No, they didn’t name the ship The Obstructionist, but they probably should have.
On Wednesday, I ran Lasers and Feelings for some players who are primarily miniature wargamers. And it was, to my mind, something of a disaster.
Let me state that, in terms of being a disaster, it was not a complete disaster, because the players did have fun. But I found myself at several points really completely out of my element for what they were trying to do.
It got to the point where I felt like they were just playing this way to see if I’d let them get away with it, not because they were interested in the adventure at all. In essence: taking it personally, I began to wonder if they were punishing me for GMing.
In short, they were all kinds of back-stabby against each other. One of the players made his character goal “To stop others’ goals.” Seriously. I probably shouldn’t have allowed it, but the other players didn’t seem to think that was a problem.
Another player wanted to conquer the galaxy and thought the best way to do that would be to kill the rest of the crew. No other motivation– just kill everyone he could. He started by shunting one of the fighterpods (manned) out of the airlock.
Another wanted to “heal all the things.” Which was fine, except he was thrown out the airlock first.
They turned a role-playing game into a zero-sum game.
I let them, gradually trying to get them to look at something resembling the threat or plot. And if they’d taken narrative control, I would have been fine with that, except I was largely reduced to relaying information from one backstabber to the other.
I tried to invite a player to take narrative control:
“Where are the void crystals made? A centralized place, or scattered?”
“Hmm… you tell me.” This was his opportunity to seize control and run with it.
“Uh, I go to the computer and ask it.”
I sighed and eventually told him that there were void crystal mints scattered throughout the sector.
Getting more than one of them in the same place at the same time was nigh-impossible. Actual cooperation was anathema. We finally determined that the Captain was a goody-goody who was trying to rehabilitate a mutinous pirate crew (them). This made a lot more sense in the fiction, to be honest.
The game ended with two of them flying off, abandoning the soldier Galaxy-conquerer on a small, rocky planet that had been taken over by the Hive Armada. As the ground shakes from the bomb detonation, he hears screeching music all around him. The Hive has awoken!

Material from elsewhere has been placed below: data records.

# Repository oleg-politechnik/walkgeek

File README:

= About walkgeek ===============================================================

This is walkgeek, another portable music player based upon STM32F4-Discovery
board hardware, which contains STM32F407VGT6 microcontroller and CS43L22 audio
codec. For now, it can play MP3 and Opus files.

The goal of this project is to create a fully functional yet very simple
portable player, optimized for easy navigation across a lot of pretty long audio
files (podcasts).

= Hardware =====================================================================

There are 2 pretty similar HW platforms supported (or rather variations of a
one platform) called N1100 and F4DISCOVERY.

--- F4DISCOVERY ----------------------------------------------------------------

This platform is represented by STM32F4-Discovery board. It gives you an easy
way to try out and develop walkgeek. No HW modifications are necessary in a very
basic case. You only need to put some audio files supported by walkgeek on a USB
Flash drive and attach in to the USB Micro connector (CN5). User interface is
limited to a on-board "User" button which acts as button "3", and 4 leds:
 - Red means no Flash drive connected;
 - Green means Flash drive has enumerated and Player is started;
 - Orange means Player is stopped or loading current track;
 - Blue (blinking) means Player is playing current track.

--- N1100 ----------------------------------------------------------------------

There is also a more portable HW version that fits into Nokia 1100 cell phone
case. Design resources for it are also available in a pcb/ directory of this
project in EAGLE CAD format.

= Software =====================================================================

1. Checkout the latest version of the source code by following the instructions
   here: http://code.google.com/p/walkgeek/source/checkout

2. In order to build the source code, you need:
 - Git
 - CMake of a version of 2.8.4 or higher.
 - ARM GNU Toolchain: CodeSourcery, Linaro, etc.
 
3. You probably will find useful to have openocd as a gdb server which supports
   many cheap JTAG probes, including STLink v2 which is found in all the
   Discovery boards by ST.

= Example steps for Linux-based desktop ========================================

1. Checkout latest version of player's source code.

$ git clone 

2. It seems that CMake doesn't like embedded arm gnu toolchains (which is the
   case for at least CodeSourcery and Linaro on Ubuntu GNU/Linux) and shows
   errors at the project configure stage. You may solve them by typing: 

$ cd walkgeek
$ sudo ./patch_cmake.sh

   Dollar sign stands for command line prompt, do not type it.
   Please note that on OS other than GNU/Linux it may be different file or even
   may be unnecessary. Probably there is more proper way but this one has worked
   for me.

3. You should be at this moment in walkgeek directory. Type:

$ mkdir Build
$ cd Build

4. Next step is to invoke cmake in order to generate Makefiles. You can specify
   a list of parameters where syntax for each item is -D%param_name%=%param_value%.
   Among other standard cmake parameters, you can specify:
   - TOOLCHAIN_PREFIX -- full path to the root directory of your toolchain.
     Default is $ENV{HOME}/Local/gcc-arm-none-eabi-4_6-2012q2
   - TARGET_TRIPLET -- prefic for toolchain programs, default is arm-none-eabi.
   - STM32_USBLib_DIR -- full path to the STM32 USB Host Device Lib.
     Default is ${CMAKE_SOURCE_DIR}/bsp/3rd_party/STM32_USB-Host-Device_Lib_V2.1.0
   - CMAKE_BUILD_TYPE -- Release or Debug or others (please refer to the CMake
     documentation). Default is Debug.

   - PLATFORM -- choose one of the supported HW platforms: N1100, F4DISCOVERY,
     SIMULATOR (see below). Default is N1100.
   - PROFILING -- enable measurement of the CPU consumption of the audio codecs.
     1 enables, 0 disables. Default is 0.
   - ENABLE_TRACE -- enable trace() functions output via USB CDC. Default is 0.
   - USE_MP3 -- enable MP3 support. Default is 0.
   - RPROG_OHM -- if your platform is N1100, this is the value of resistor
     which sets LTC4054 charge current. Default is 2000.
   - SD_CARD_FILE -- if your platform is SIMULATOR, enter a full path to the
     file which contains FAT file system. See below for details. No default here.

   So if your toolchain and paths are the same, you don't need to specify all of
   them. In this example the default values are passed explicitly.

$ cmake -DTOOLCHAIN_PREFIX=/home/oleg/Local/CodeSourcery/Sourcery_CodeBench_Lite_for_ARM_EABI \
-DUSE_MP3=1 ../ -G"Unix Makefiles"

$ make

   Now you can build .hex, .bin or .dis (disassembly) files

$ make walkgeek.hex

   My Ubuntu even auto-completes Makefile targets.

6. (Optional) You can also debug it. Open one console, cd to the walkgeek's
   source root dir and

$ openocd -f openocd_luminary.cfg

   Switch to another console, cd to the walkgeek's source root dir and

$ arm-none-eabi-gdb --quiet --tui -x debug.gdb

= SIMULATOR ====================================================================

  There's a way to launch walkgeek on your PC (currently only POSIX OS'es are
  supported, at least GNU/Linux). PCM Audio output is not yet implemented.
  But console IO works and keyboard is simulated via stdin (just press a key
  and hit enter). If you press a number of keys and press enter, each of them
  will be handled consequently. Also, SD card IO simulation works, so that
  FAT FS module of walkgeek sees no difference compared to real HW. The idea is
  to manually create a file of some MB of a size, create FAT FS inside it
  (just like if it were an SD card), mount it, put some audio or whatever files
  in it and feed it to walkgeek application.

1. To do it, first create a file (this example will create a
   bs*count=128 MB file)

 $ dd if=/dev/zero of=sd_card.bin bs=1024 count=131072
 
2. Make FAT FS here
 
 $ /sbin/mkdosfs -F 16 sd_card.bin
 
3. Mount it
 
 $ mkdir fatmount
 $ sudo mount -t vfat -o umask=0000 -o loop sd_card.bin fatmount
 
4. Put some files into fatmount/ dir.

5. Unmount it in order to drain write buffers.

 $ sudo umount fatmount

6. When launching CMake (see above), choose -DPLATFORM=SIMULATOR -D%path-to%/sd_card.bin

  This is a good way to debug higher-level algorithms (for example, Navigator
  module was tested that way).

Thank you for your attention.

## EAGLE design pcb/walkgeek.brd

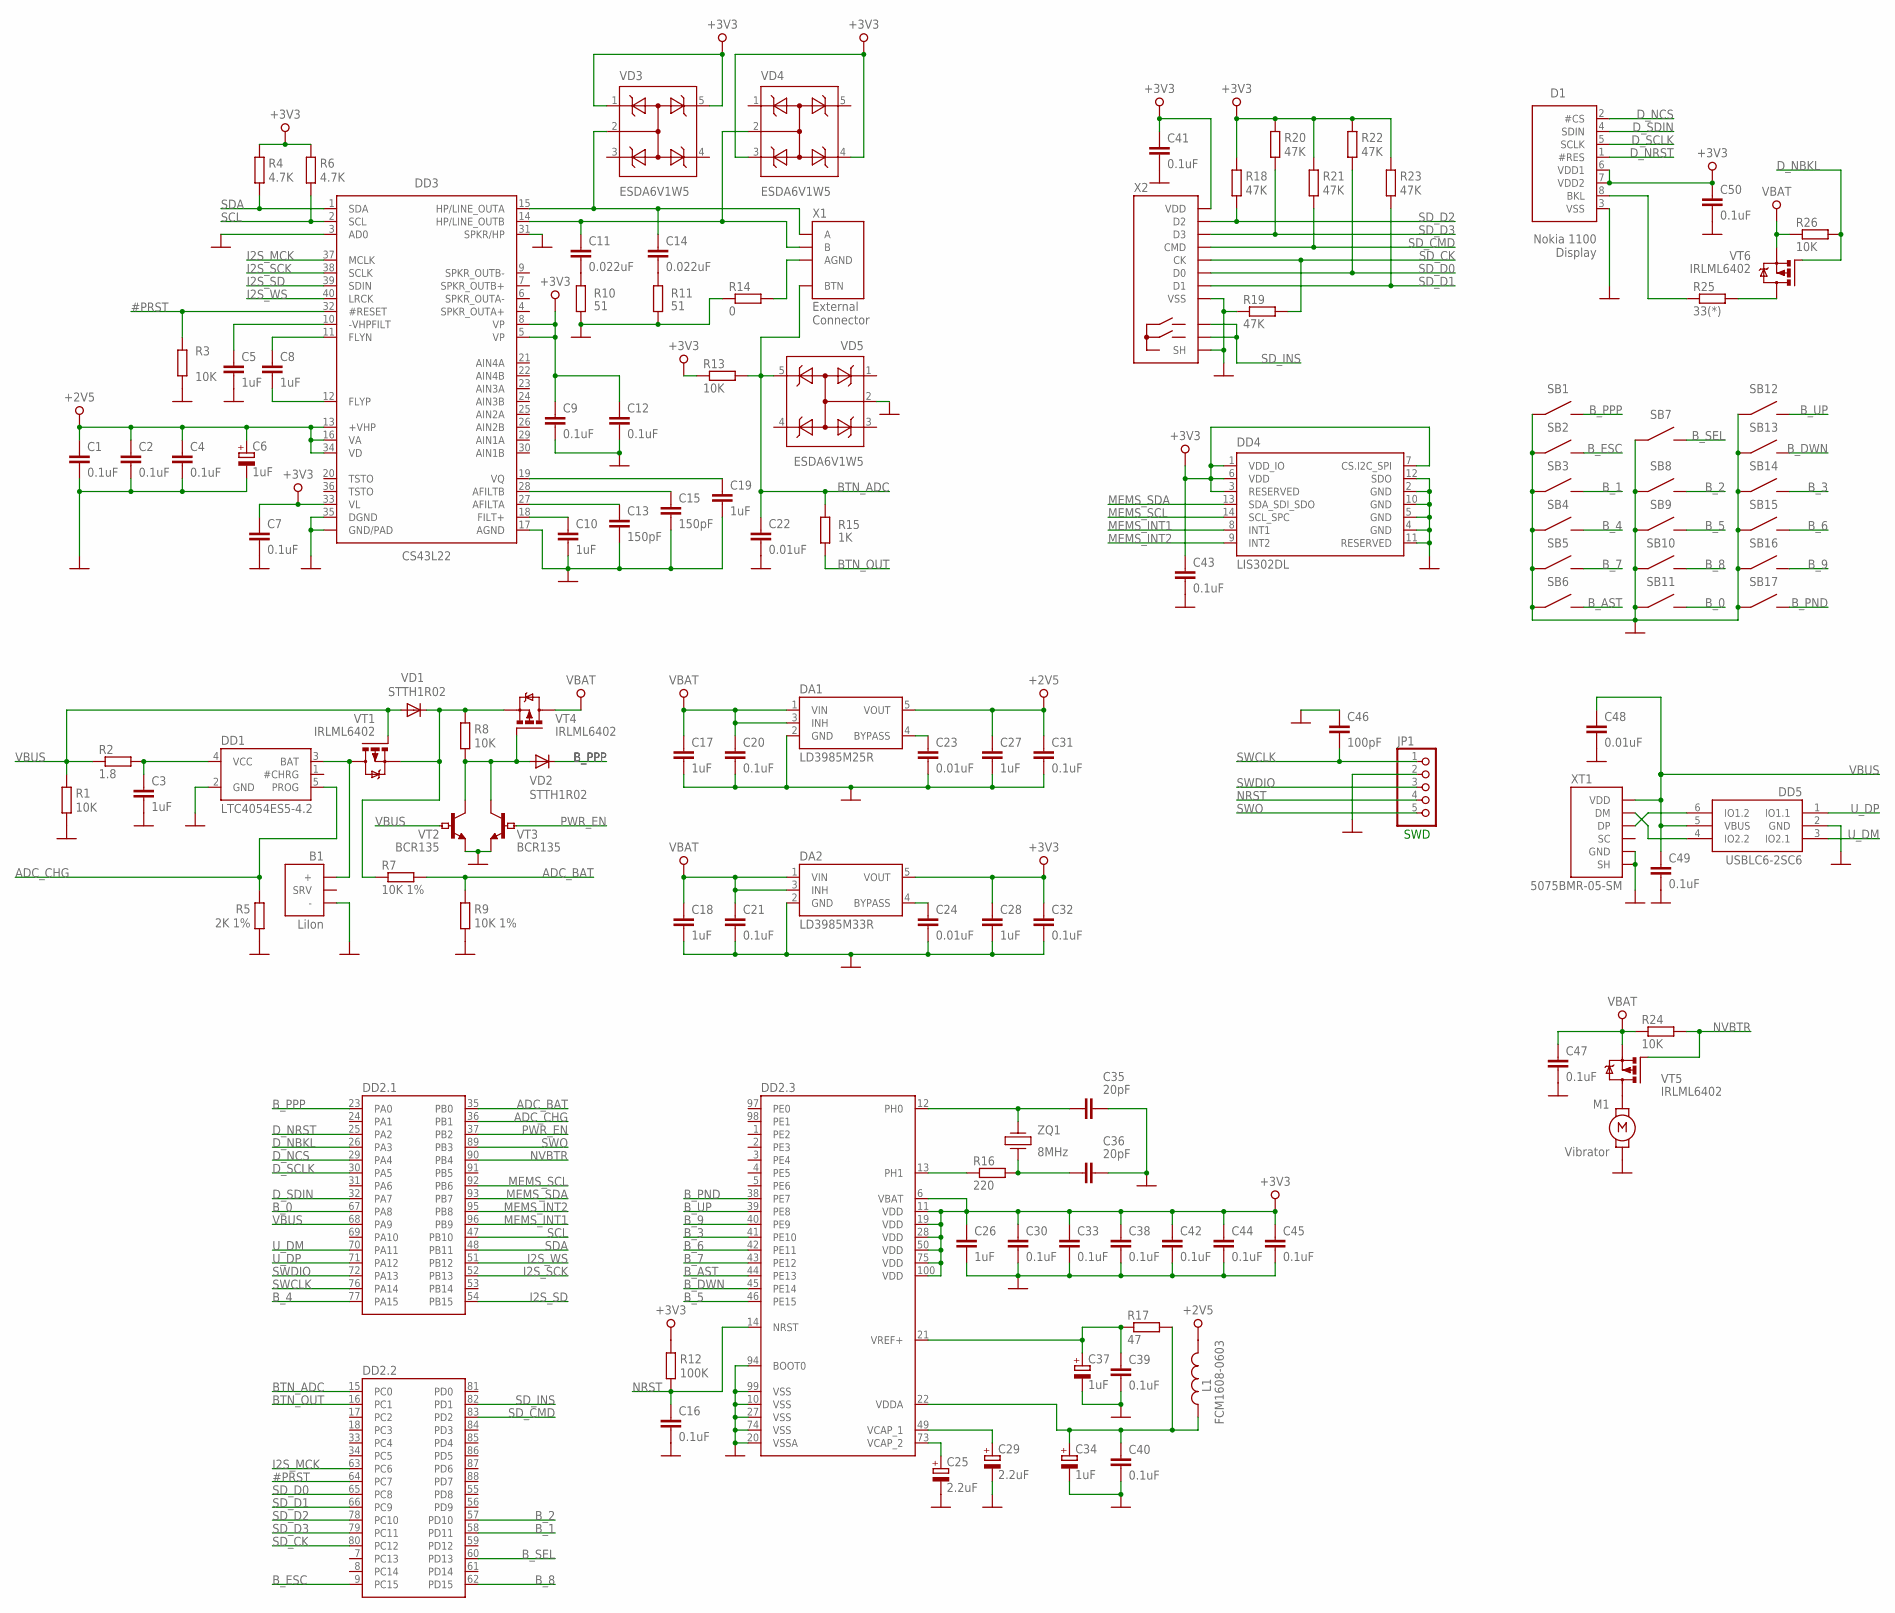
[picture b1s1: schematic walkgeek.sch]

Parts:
B1: NOKIA1100_BATTERY_CONN
C1, C2, C4, C7, C9, C12, C16, C20, C21, C30, C31, C32, C33, C38, C39, C40, C41, C42, C43, C44, C45, C47, C49: 0.1uF; C0402
C3: 1uF; C0805
C5, C8, C10, C17, C18, C19, C26, C27, C28: 1uF; C0603
C6, C34, C37: 1uF; SMC_A
C11, C14: 0.022uF; C0603
C13, C15: 150pF; C0603
C22: 0.01uF; C0805
C23, C24, C48: 0.01uF; C0603
C25, C29: 2.2uF; SMC_A
C35, C36: 20pF; C0603
C46: 100pF; C0805
C50: 0.1uF; C0805
D1: NOKIA1100_DISP
DA1: LD3985M25R; TSOT23-5
DA2: LD3985M33R; TSOT23-5
DD1: LTC4054ES5-4.2; TSOT23-5
DD2: STM32F4XXVXT; LQFP100
DD3: CS43L22; QFN40-6X6
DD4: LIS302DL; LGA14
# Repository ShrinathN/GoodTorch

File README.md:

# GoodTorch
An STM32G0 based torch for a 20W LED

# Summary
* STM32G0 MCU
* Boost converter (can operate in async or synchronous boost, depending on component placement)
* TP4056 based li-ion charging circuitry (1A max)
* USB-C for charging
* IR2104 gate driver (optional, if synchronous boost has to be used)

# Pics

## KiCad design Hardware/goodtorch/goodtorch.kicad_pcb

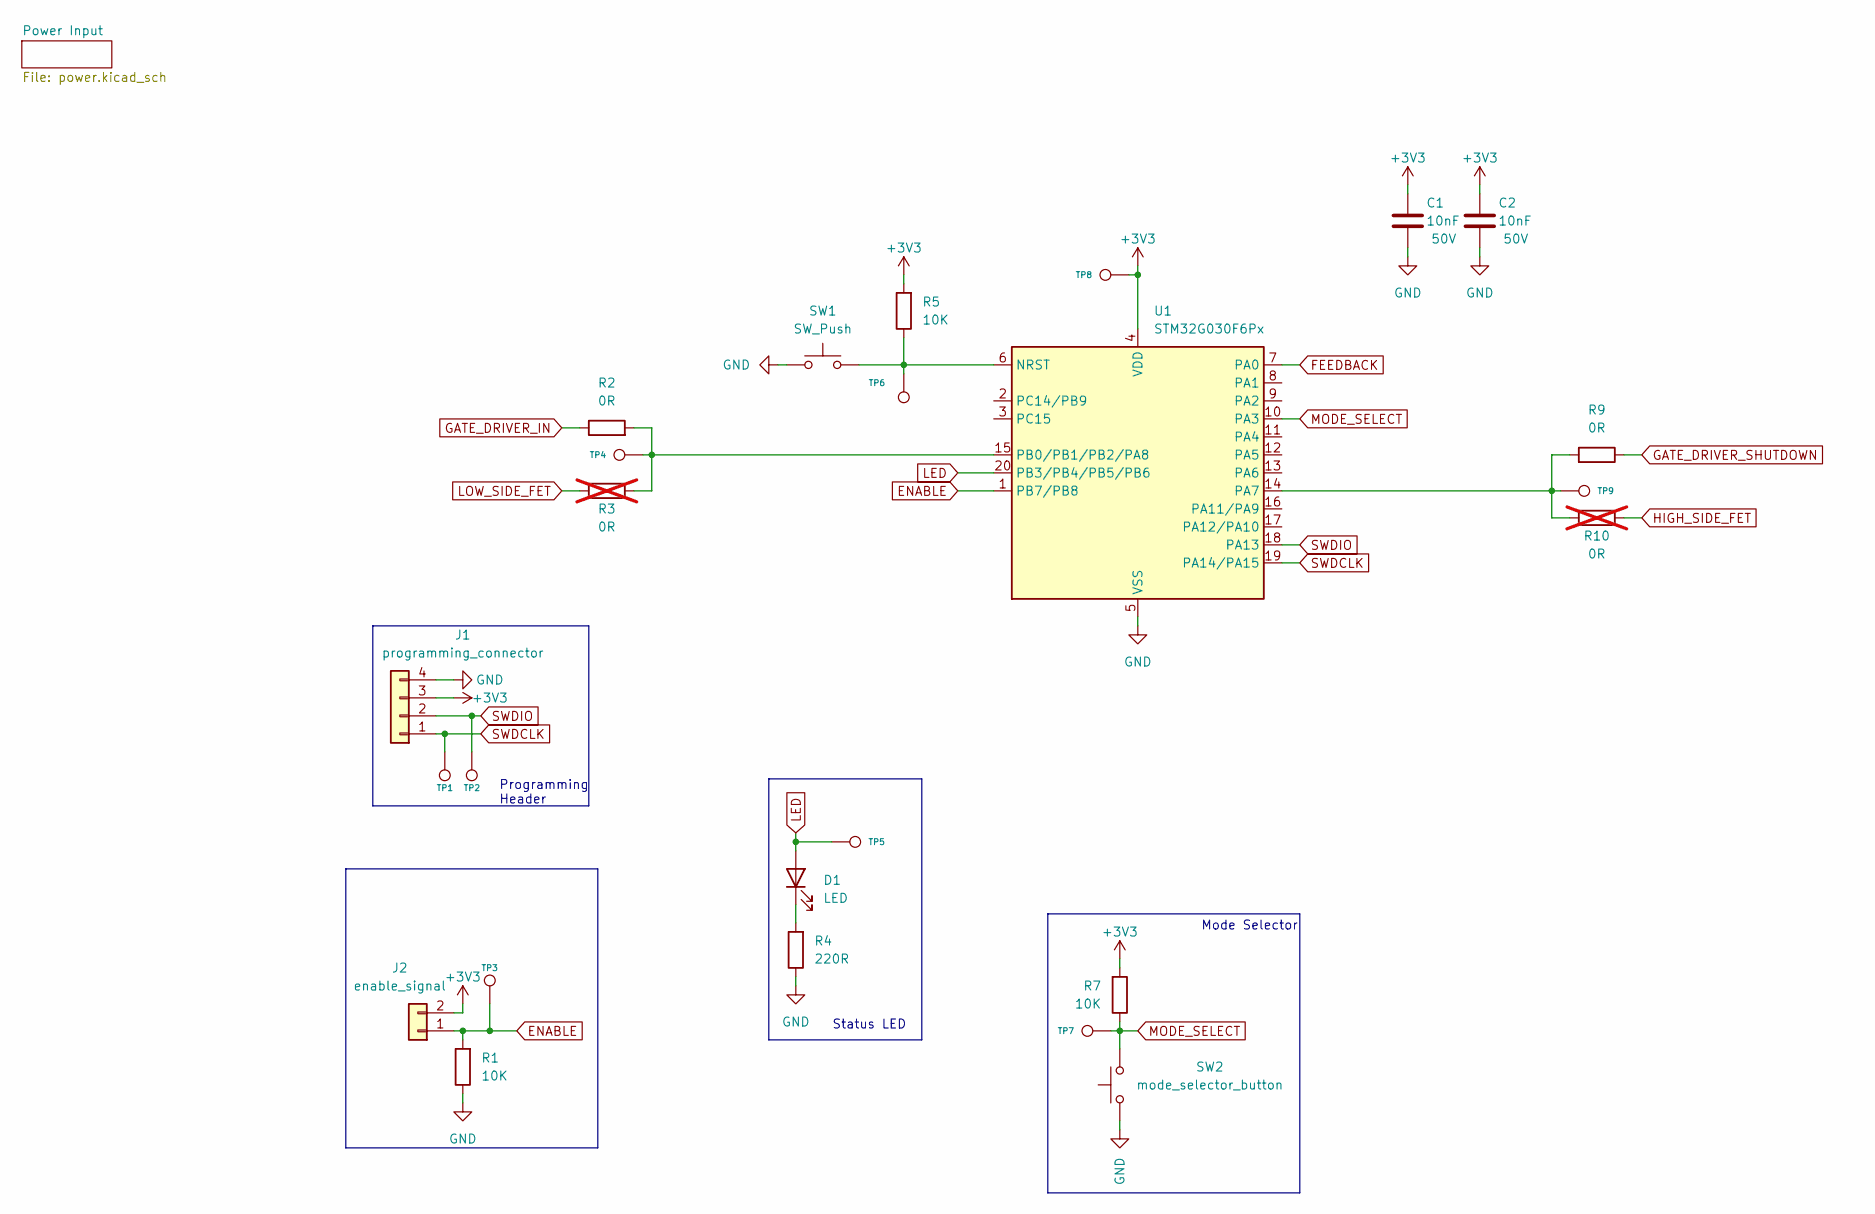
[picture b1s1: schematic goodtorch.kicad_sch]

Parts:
C1, C2: 10nF; C_0805_2012Metric; Rating 50V
D1: LED; LED_1206_3216Metric
J1: programming_connector; PinHeader_1x04_P2.54mm_Vertical
J2: enable_signal; PinHeader_1x02_P2.54mm_Vertical
R1, R5, R7: 10K; R_1206_3216Metric
R2, R9: 0R; R_1206_3216Metric
R3, R10: 0R; R_1206_3216Metric; not fitted
R4: 220R; R_1206_3216Metric
SW1: SW_Push; SW_SPST_TL3342
SW2: mode_selector_button; SW_SPST_TL3342
TP1, TP2, TP3, TP4, TP5, TP6, TP7, TP8, TP9: TestPoint; TestPoint_Pad_D1.0mm
U1: STM32G030F6Px; TSSOP-20_4.4x6.5mm_P0.65mm

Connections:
+3V3: C1.1, C2.1, J1.3, J2.2, R5.2, R7.2, TP8.1, U1.4 (VDD); also elsewhere on the board
BAT_N: C1.2, C2.2, J1.4, R1.1, R4.1, SW1.1, SW2.1, U1.5 (VSS); also elsewhere on the board
ENABLE: J2.1, R1.2, TP3.1, U1.1 (PB7/PB8)
FEEDBACK: U1.7 (PA0); also elsewhere on the board
GATE_DRIVER_IN: R2.1; also elsewhere on the board
GATE_DRIVER_SHUTDOWN: R9.1; also elsewhere on the board
HIGH_SIDE_FET: R10.1; also elsewhere on the board
LED: D1.2 (A), TP5.1, U1.20 (PB3/PB4/PB5/PB6)
LOW_SIDE_FET: R3.1; also elsewhere on the board
MODE_SELECT: R7.1, SW2.2, TP7.1, U1.10 (PA3)
unnamed: D1.1 (K), R4.2
unnamed: R5.1, SW1.2, TP6.1, U1.6 (NRST)
unnamed: R9.2, R10.2, TP9.1, U1.14 (PA7)
unnamed: R2.2, R3.2, TP4.1, U1.15 (PB0/PB1/PB2/PA8)
SWDCLK: J1.1, TP1.1, U1.19 (PA14/PA15)
SWDIO: J1.2, TP2.1, U1.18 (PA13)

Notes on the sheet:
Status LED
Programming Header
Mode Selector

I pointed out that, once assimilated, he had the best chance of actually accomplishing his goal. He seemed satisfied by that.
After the game was over, Mr. Obstructionist himself (I really think I could have gotten them all on the same general page if not for “I want to stop everyone else’s goals”) challenged the ability of missiles to blast through a hatch door and still be intact when hitting a man on the far side. I stared at him for a minute, then just said “you are way overthinking this, dude. Seriously.”